C’est l’ambassadeur américain qui a dégainé le premier en publiant jeudi 24 décembre une tribune dans le journal tunisien La Presse, mettant en garde contre l’adoption des technologies chinoises pour la 5G.

«La 5G peut entraîner des risques considérables en matière de protection des données personnelles et de sécurité», prévient Donald Blome.

Celui-ci affirme en effet qu’«aucun pays ne devrait confier ses réseaux à des entreprises redevables à des gouvernements autoritaires». Il cite à titre d’exemple le groupe Huawei qui est «soumis à la loi chinoise relative au renseignement national» et doit «remettre toute donnée au gouvernement du Parti communiste chinois sur demande». 

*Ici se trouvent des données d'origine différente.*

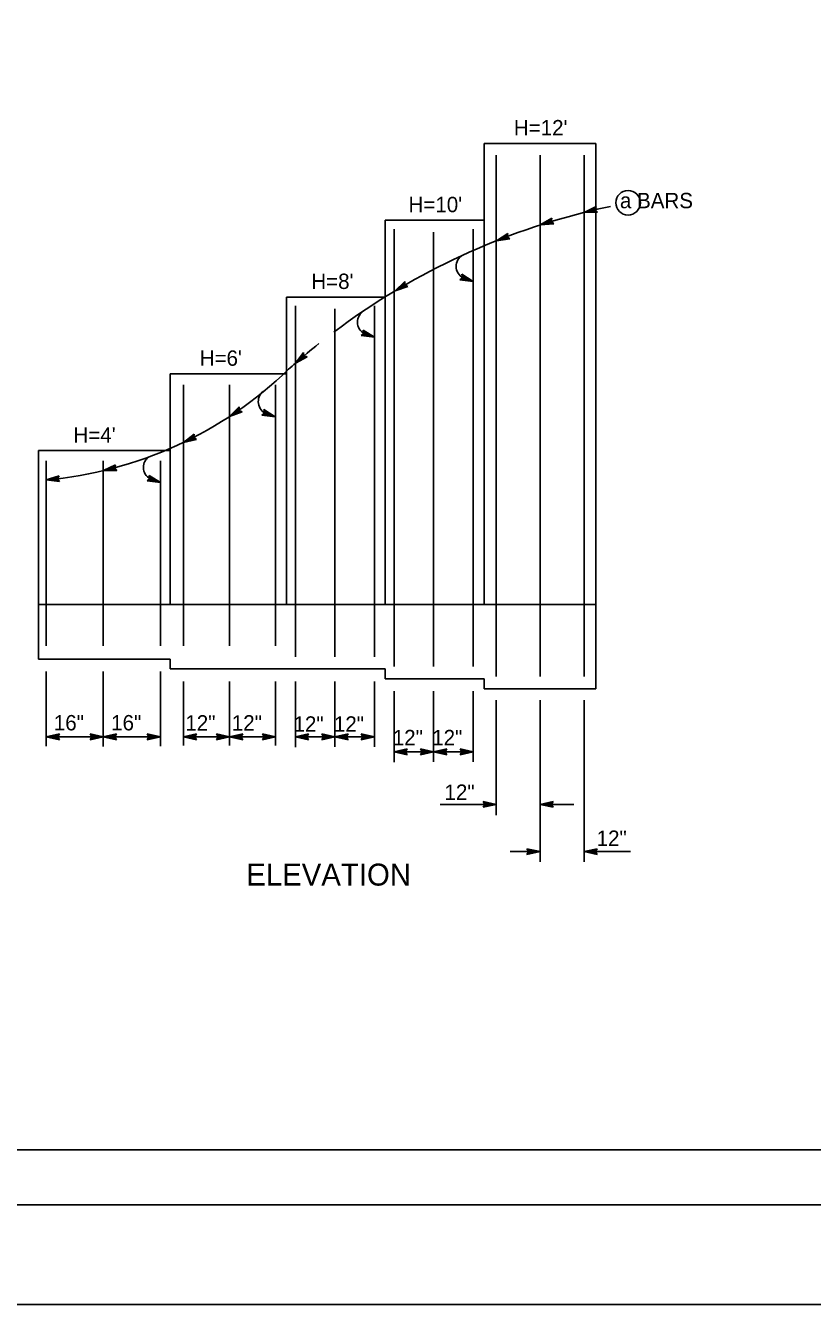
# Model space of a CAD drawing. Extents: x -894 to 866, y -476 to 714.
# Drawn here: x -667 to -308, y -476 to 106 of the extents above; entities that cross this region are included whole.
import ezdxf

# ---------------------------------------------------------------- set-up
doc = ezdxf.new("R2010")
doc.units = 0
doc.layers.add('10 Sheet Format', color=7, linetype='Continuous')
doc.layers.add('60 Nongeo Data', color=7, linetype='Continuous')

msp = doc.modelspace()

# ---------------------------------------------------------------- linework, layer by layer
at = {"layer": '10 Sheet Format'}
msp.add_line((-813.45, -406.04), (811.55, -406.04), dxfattribs=at)
for points in [[(-894.04, 713.56), (865.96, 713.56), (865.96, -476.44), (-894.04, -476.44)], [(-863.43, 668.96), (836.57, 668.96), (836.57, -431.04), (-863.43, -431.04)], [(-863.43, 668.96), (836.57, 668.96), (836.57, -431.04), (-863.43, -431.04)]]:
    msp.add_lwpolyline(points, close=True, dxfattribs=at)
at = {"layer": '60 Nongeo Data'}
for p, q in [((-457.69, 52.64), (-457.69, -157.48)), ((-457.69, 52.64), (-406.69, 52.64)), ((-406.69, 52.64), (-406.69, -195.85)), ((-452.13, 47.22), (-452.13, -190.28)), ((-432.13, 47.22), (-432.13, -20.93)), ((-412.13, 47.22), (-412.13, -190.28)), ((-412.13, 21.14), (-406.64, 23.9)), ((-410.78, 21.49), (-406.78, 23.49)), ((-406.64, 23.9), (-407.09, 22.41)), ((-406.64, 23.9), (-406.64, 23.9)), ((-502.69, 17.64), (-502.69, -157.48)), ((-502.69, 17.64), (-457.69, 17.64)), ((-432.08, 15.47), (-426.74, 18.52)), ((-430.75, 15.89), (-426.86, 18.11)), ((-429.44, 16.29), (-426.93, 17.72)), ((-426.74, 18.52), (-427.11, 17.01)), ((-426.74, 18.52), (-426.74, 18.52)), ((-405.99, 21.31), (-412.13, 21.14)), ((-412.13, 21.14), (-412.13, 21.14)), ((-406.28, 21.6), (-410.79, 21.48)), ((-409.45, 21.82), (-406.87, 23.11)), ((-406.6, 21.89), (-409.45, 21.82)), ((-408.11, 22.15), (-407.01, 22.71)), ((-406.85, 22.19), (-408.11, 22.15)), ((-407.09, 22.41), (-405.99, 21.31)), ((-405.99, 21.31), (-405.99, 21.31)), ((-498.63, 13.58), (-498.63, -185.78)), ((-480.63, 12.23), (-480.63, -185.78)), ((-462.63, 13.58), (-462.63, -185.78)), ((-425.95, 15.97), (-432.08, 15.47)), ((-432.08, 15.47), (-432.08, 15.47)), ((-426.26, 16.25), (-430.76, 15.88)), ((-426.59, 16.52), (-429.44, 16.29)), ((-428.12, 16.7), (-427.04, 17.31)), ((-426.87, 16.8), (-428.12, 16.7)), ((-427.11, 17.01), (-425.95, 15.97)), ((-425.95, 15.97), (-425.95, 15.97)), ((-452.06, 8.22), (-446.91, 11.58)), ((-445.97, 9.09), (-452.06, 8.22)), ((-452.06, 8.22), (-452.06, 8.22)), ((-450.76, 8.72), (-447, 11.16)), ((-446.3, 9.34), (-450.76, 8.71)), ((-449.47, 9.2), (-447.05, 10.78)), ((-446.64, 9.6), (-449.47, 9.2)), ((-448.18, 9.68), (-447.14, 10.36)), ((-446.93, 9.86), (-448.18, 9.68)), ((-446.91, 11.58), (-447.19, 10.06)), ((-447.19, 10.06), (-445.97, 9.09)), ((-446.91, 11.58), (-446.91, 11.58)), ((-445.97, 9.09), (-445.97, 9.09)), ((-498.2, -14.5), (-493.71, -10.29)), ((-497, -13.79), (-493.73, -10.72)), ((-495.82, -13.09), (-493.71, -11.11)), ((-494.63, -12.39), (-493.73, -11.54)), ((-493.71, -10.29), (-493.72, -11.85)), ((-493.71, -10.29), (-493.71, -10.29)), ((-468.73, -9.53), (-467.52, -8.55)), ((-462.63, -10.31), (-468.73, -9.53)), ((-468.73, -9.53), (-468.73, -9.53)), ((-463.94, -9.84), (-468.38, -9.27)), ((-465.23, -9.37), (-468.1, -9)), ((-467.52, -8.55), (-467.82, -7.01)), ((-467.82, -7.01), (-467.82, -7.01)), ((-467.82, -7.01), (-462.63, -10.31)), ((-466.53, -8.9), (-467.76, -8.74)), ((-467.74, -7.42), (-463.93, -9.84)), ((-467.64, -7.84), (-465.23, -9.37)), ((-467.59, -8.23), (-466.53, -8.9)), ((-466.57, -8.89), (-462.63, -10.31)), ((-462.63, -10.31), (-462.63, -10.31)), ((-547.69, -17.36), (-502.69, -17.36)), ((-547.69, -17.36), (-547.69, -157.48)), ((-492.35, -12.59), (-498.2, -14.5)), ((-498.2, -14.5), (-498.2, -14.5)), ((-492.72, -12.4), (-497.01, -13.8)), ((-493.1, -12.21), (-495.82, -13.09)), ((-493.43, -12), (-494.63, -12.39)), ((-493.72, -11.85), (-492.35, -12.59)), ((-492.35, -12.59), (-492.35, -12.59)), ((-543.63, -21.42), (-543.63, -181.37)), ((-525.63, -22.77), (-525.63, -181.37)), ((-507.63, -21.42), (-507.63, -181.37)), ((-432.13, -20.93), (-432.13, -190.28)), ((-513.71, -34.93), (-512.5, -33.95)), ((-507.61, -35.71), (-513.71, -34.93)), ((-513.71, -34.93), (-513.71, -34.93)), ((-508.92, -35.24), (-513.37, -34.67)), ((-510.21, -34.77), (-513.08, -34.4)), ((-512.5, -33.95), (-512.8, -32.42)), ((-512.8, -32.42), (-512.8, -32.42)), ((-512.8, -32.42), (-507.61, -35.71)), ((-511.51, -34.3), (-512.74, -34.14)), ((-512.72, -32.82), (-508.91, -35.24)), ((-512.62, -33.24), (-510.21, -34.77)), ((-512.57, -33.63), (-511.51, -34.3)), ((-511.55, -34.29), (-507.61, -35.71)), ((-507.61, -35.71), (-507.61, -35.71)), ((-543.63, -47.54), (-539.98, -42.6)), ((-538.22, -44.61), (-543.63, -47.54)), ((-538.62, -44.49), (-542.59, -46.64)), ((-542.58, -46.62), (-539.92, -43.02)), ((-541.54, -45.73), (-539.82, -43.4)), ((-539.03, -44.37), (-541.54, -45.73)), ((-540.5, -44.82), (-539.77, -43.83)), ((-539.39, -44.22), (-540.5, -44.82)), ((-539.98, -42.6), (-539.98, -42.6)), ((-539.98, -42.6), (-539.71, -44.13)), ((-539.71, -44.13), (-538.22, -44.61)), ((-538.22, -44.61), (-538.22, -44.61)), ((-600.69, -52.36), (-547.69, -52.36)), ((-600.69, -52.36), (-600.69, -157.48)), ((-543.63, -47.54), (-543.63, -47.54)), ((-594.63, -57.32), (-594.63, -176.33)), ((-573.63, -57.32), (-573.63, -176.33)), ((-552.63, -57.32), (-552.63, -176.33)), ((-573.59, -71.83), (-569.26, -67.47)), ((-567.82, -69.72), (-573.59, -71.83)), ((-568.19, -69.54), (-572.43, -71.09)), ((-572.42, -71.08), (-569.26, -67.9)), ((-571.27, -70.34), (-569.22, -68.29)), ((-568.58, -69.36), (-571.27, -70.34)), ((-570.1, -69.6), (-569.23, -68.72)), ((-568.92, -69.17), (-570.1, -69.6)), ((-569.26, -67.47), (-569.26, -67.47)), ((-569.26, -67.47), (-569.21, -69.02)), ((-569.21, -69.02), (-567.82, -69.72)), ((-567.82, -69.72), (-567.82, -69.72)), ((-557.69, -70.22), (-557.98, -68.69)), ((-557.98, -68.69), (-557.98, -68.69)), ((-557.98, -68.69), (-552.79, -71.98)), ((-557.9, -69.09), (-554.09, -71.51)), ((-557.8, -69.51), (-555.39, -71.04)), ((-557.75, -69.9), (-556.69, -70.57)), ((-573.59, -71.83), (-573.59, -71.83)), ((-558.89, -71.2), (-557.69, -70.22)), ((-552.79, -71.98), (-558.89, -71.2)), ((-558.89, -71.2), (-558.89, -71.2)), ((-554.1, -71.51), (-558.55, -70.94)), ((-555.39, -71.04), (-558.26, -70.67)), ((-556.69, -70.57), (-557.92, -70.41)), ((-556.73, -70.56), (-552.79, -71.98)), ((-552.79, -71.98), (-552.79, -71.98)), ((-594.6, -83.64), (-589.77, -79.85)), ((-593.35, -83.04), (-589.82, -80.27)), ((-592.11, -82.45), (-589.83, -80.66)), ((-590.86, -81.85), (-589.89, -81.09)), ((-589.64, -81.57), (-590.86, -81.85)), ((-589.77, -79.85), (-589.91, -81.39)), ((-589.91, -81.39), (-588.61, -82.25)), ((-589.77, -79.85), (-589.77, -79.85)), ((-660.69, -87.36), (-600.69, -87.36)), ((-660.69, -87.36), (-660.69, -182.35)), ((-588.61, -82.25), (-594.6, -83.64)), ((-594.6, -83.64), (-594.6, -83.64)), ((-588.96, -82.03), (-593.36, -83.05)), ((-589.33, -81.8), (-592.11, -82.45)), ((-588.61, -82.25), (-588.61, -82.25)), ((-657.13, -91.95), (-657.13, -176.33)), ((-631.13, -91.95), (-631.13, -176.33)), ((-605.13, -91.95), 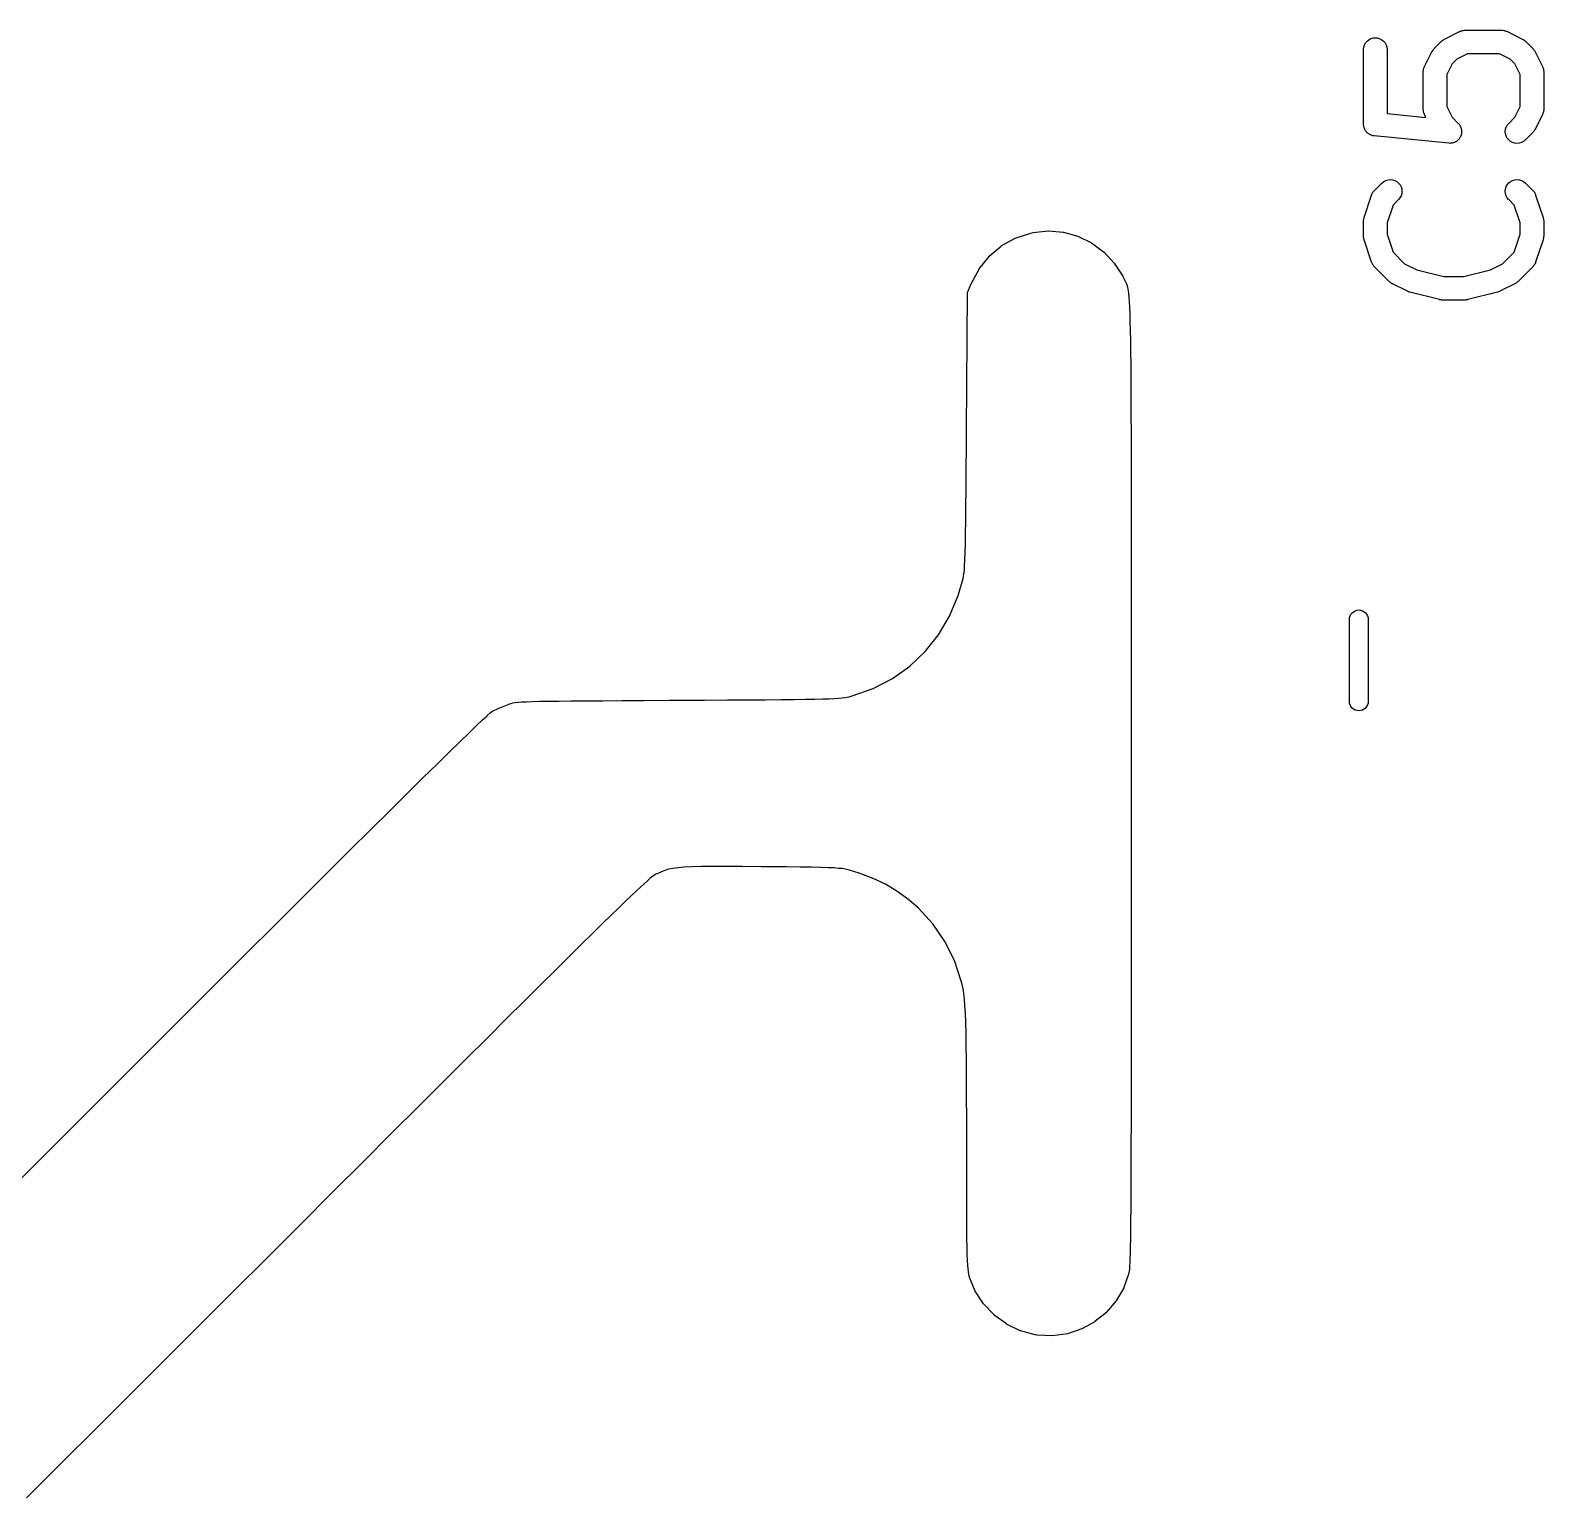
# Model space of a CAD drawing. Extents: x 59.2 to 130.7, y -130.7 to -66.1.
# Drawn here: x 68.77 to 78.43, y -111.76 to -102.39 of the extents above; entities that cross this region are included whole.
import ezdxf

# ---------------------------------------------------------------- set-up
doc = ezdxf.new("R2010")
doc.units = 0
doc.layers.add('BLACK', color=7, linetype='CONTINUOUS')

msp = doc.modelspace()

# ---------------------------------------------------------------- linework, layer by layer
at = {"layer": 'BLACK', "linetype": 'CONTINUOUS'}
for p, q in [((77.2894, -102.488), (77.2965, -102.476)), ((77.2965, -102.476), (77.3059, -102.464)), ((77.3059, -102.464), (77.3173, -102.455)), ((77.3173, -102.455), (77.3303, -102.448)), ((77.3303, -102.448), (77.3443, -102.444)), ((77.3443, -102.444), (77.3589, -102.443)), ((77.3589, -102.443), (77.3735, -102.444)), ((77.3735, -102.444), (77.3874, -102.449)), ((77.3874, -102.449), (77.4003, -102.456)), ((77.4003, -102.456), (77.4116, -102.465)), ((77.4116, -102.465), (77.4208, -102.476)), ((77.4208, -102.476), (77.4277, -102.489)), ((77.7339, -102.512), (77.7815, -102.465)), ((77.7815, -102.465), (77.7823, -102.464)), ((77.7823, -102.464), (77.7856, -102.462)), ((77.7856, -102.462), (77.7886, -102.459)), ((77.7886, -102.459), (77.7913, -102.457)), ((77.7913, -102.457), (77.7937, -102.455)), ((77.7937, -102.455), (77.7975, -102.453)), ((77.7975, -102.453), (77.801, -102.451)), ((77.801, -102.451), (77.8963, -102.403)), ((77.8963, -102.403), (77.8972, -102.403)), ((77.8972, -102.403), (77.8993, -102.402)), ((77.8993, -102.402), (77.9012, -102.401)), ((77.9012, -102.401), (77.9061, -102.399)), ((77.9061, -102.399), (77.9109, -102.398)), ((77.9109, -102.398), (77.9131, -102.397)), ((77.9131, -102.397), (77.9152, -102.397)), ((77.9152, -102.397), (77.9203, -102.396)), ((77.9203, -102.396), (77.9254, -102.395)), ((77.9254, -102.395), (77.9276, -102.395)), ((77.9276, -102.395), (77.9298, -102.395)), ((77.9298, -102.395), (78.1679, -102.395)), ((78.1679, -102.395), (78.169, -102.395)), ((78.169, -102.395), (78.1711, -102.396)), ((78.1711, -102.396), (78.1734, -102.395)), ((78.1734, -102.395), (78.1784, -102.396)), ((78.1784, -102.396), (78.1835, -102.397)), ((78.1835, -102.397), (78.1856, -102.398)), ((78.1856, -102.398), (78.1878, -102.398)), ((78.1878, -102.398), (78.1926, -102.4)), ((78.1926, -102.4), (78.1975, -102.401)), ((78.1975, -102.401), (78.1994, -102.402)), ((78.1994, -102.402), (78.2014, -102.403)), ((78.2014, -102.403), (78.2967, -102.451)), ((78.2967, -102.451), (78.2976, -102.451)), ((78.2976, -102.451), (78.3012, -102.454)), ((78.3012, -102.454), (78.3049, -102.456)), ((78.3049, -102.456), (78.3073, -102.458)), ((78.3073, -102.458), (78.3099, -102.459)), ((78.3099, -102.459), (78.3129, -102.462)), ((78.3129, -102.462), (78.3162, -102.465)), ((78.3162, -102.465), (78.3638, -102.512)), ((77.2834, -102.517), (77.285, -102.502)), ((77.2834, -102.518), (77.2834, -102.517)), ((77.2834, -102.994), (77.2834, -102.518)), ((77.285, -102.502), (77.2894, -102.488)), ((77.4277, -102.489), (77.432, -102.503)), ((77.432, -102.503), (77.4334, -102.518)), ((77.4334, -102.518), (77.4334, -102.926)), ((77.6723, -102.627), (77.7199, -102.532)), ((77.7199, -102.532), (77.7203, -102.531)), ((77.7203, -102.531), (77.7226, -102.528)), ((77.7226, -102.528), (77.7246, -102.524)), ((77.7246, -102.524), (77.7266, -102.521)), ((77.7266, -102.521), (77.7283, -102.519)), ((77.7283, -102.519), (77.7312, -102.516)), ((77.7312, -102.516), (77.7339, -102.512)), ((77.879, -102.58), (77.8486, -102.61)), ((77.9475, -102.545), (77.879, -102.58)), ((78.1502, -102.545), (77.9475, -102.545)), ((78.2187, -102.58), (78.1502, -102.545)), ((78.2491, -102.61), (78.2187, -102.58)), ((78.3638, -102.512), (78.3645, -102.513)), ((78.3645, -102.513), (78.3672, -102.517)), ((78.3672, -102.517), (78.3701, -102.52)), ((78.3701, -102.52), (78.3717, -102.522)), ((78.3717, -102.522), (78.3737, -102.525)), ((78.3737, -102.525), (78.3756, -102.528)), ((78.3756, -102.528), (78.3778, -102.532)), ((78.3778, -102.532), (78.4255, -102.627)), ((77.6643, -102.66), (77.6646, -102.658)), ((77.6643, -102.661), (77.6643, -102.66)), ((77.6643, -102.899), (77.6643, -102.661)), ((77.6645, -102.655), (77.6654, -102.65)), ((77.6646, -102.658), (77.6645, -102.655)), ((77.6654, -102.65), (77.666, -102.645)), ((77.666, -102.645), (77.6666, -102.643)), ((77.6666, -102.643), (77.667, -102.641)), ((77.667, -102.641), (77.6688, -102.636)), ((77.6688, -102.636), (77.6704, -102.631)), ((77.6704, -102.631), (77.6715, -102.629)), ((77.6715, -102.629), (77.6723, -102.627)), ((77.8486, -102.61), (77.8143, -102.678)), ((77.8143, -102.678), (77.8143, -102.881)), ((78.2834, -102.678), (78.2491, -102.61)), ((78.2834, -102.881), (78.2834, -102.678)), ((78.4255, -102.627), (78.4259, -102.628)), ((78.4259, -102.628), (78.4267, -102.63)), ((78.4267, -102.63), (78.4277, -102.632)), ((78.4277, -102.632), (78.4292, -102.637)), ((78.4292, -102.637), (78.431, -102.642)), ((78.431, -102.642), (78.4313, -102.644)), ((78.4313, -102.644), (78.432, -102.646)), ((78.432, -102.646), (78.4325, -102.651)), ((78.4325, -102.651), (78.4333, -102.656)), ((78.4333, -102.656), (78.4332, -102.659)), ((78.4332, -102.659), (78.4334, -102.661)), ((78.4334, -102.661), (78.4334, -102.899)), ((77.4334, -102.926), (77.6816, -102.951)), ((77.6645, -102.901), (77.6643, -102.899)), ((77.6645, -102.903), (77.6645, -102.901)), ((77.6653, -102.908), (77.6645, -102.903)), ((77.6658, -102.913), (77.6653, -102.908)), ((77.6664, -102.916), (77.6658, -102.913)), ((77.6667, -102.918), (77.6664, -102.916)), ((77.6685, -102.923), (77.6667, -102.918)), ((77.67, -102.927), (77.6685, -102.923)), ((77.671, -102.929), (77.67, -102.927)), ((77.6718, -102.931), (77.671, -102.929)), ((77.6723, -102.932), (77.6718, -102.931)), ((77.6816, -102.951), (77.6723, -102.932)), ((77.8143, -102.881), (77.8486, -102.95)), ((77.8486, -102.95), (77.8876, -102.989)), ((78.2101, -102.989), (78.2491, -102.95)), ((78.2491, -102.95), (78.2834, -102.881)), ((78.4255, -102.932), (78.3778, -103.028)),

Le même jour, l’ambassadeur chinois rencontrait le ministre tunisien des Technologies de la communication et de la Transformation digitale. Hasard du calendrier ou réponse à l’offensive lancée par Washington? Difficile d’être affirmatif. Si des pressions sont exercées, si des négociations sont en cours, rien n’a pour l’instant été divulgué par les plus hautes instances du pays.

On ne sait pas ce qui se trame en coulisses, on peut simplement le supposer. Après avoir occupé le devant de la scène en Occident ces dernières années, la guerre de la 5G semble aujourd’hui avoir été gagnée par les États-Unis et la plupart de ses alliés ayant opté pour une mise à distance du géant chinois des télécoms Huawei, ce conflit s’est donc déplacé dans les pays en développement comme la Tunisie.

«Il y a une opposition croissante entre la Chine et les États-Unis. Et depuis au moins l’année 2018, Washington essaie de convaincre ses alliés de ne pas dépendre d’entreprises chinoises en matière d’infrastructures 5G», explique à Sputnik Antoine Bondaz, docteur en sciences politiques et enseignant à Sciences Po Paris.

L’argument mis en avant par Washington et dont rend compte la lettre de l’ambassadeur américain à Tunis est la sécurité. «Pour les Chinois, cela va être l’argument du libre accès aux marchés et la non-discrimination des entreprises», compare Antoine Bondaz.

Exacerbation de la compétition

Face à l’offensive, persuasive, américaine, les réactions des amis de Washington n’ont guère varié, encore qu’ils aient procédé chacun différemment sur la forme. «Les conséquences sont allées de l’interdiction formelle de la présence de Huawei sur le territoire –comme cela a été le cas en Australie dès 2018 et au Royaume-Uni cette année– à une interdiction de fait et progressive, comme en France par exemple», poursuit l’expert français.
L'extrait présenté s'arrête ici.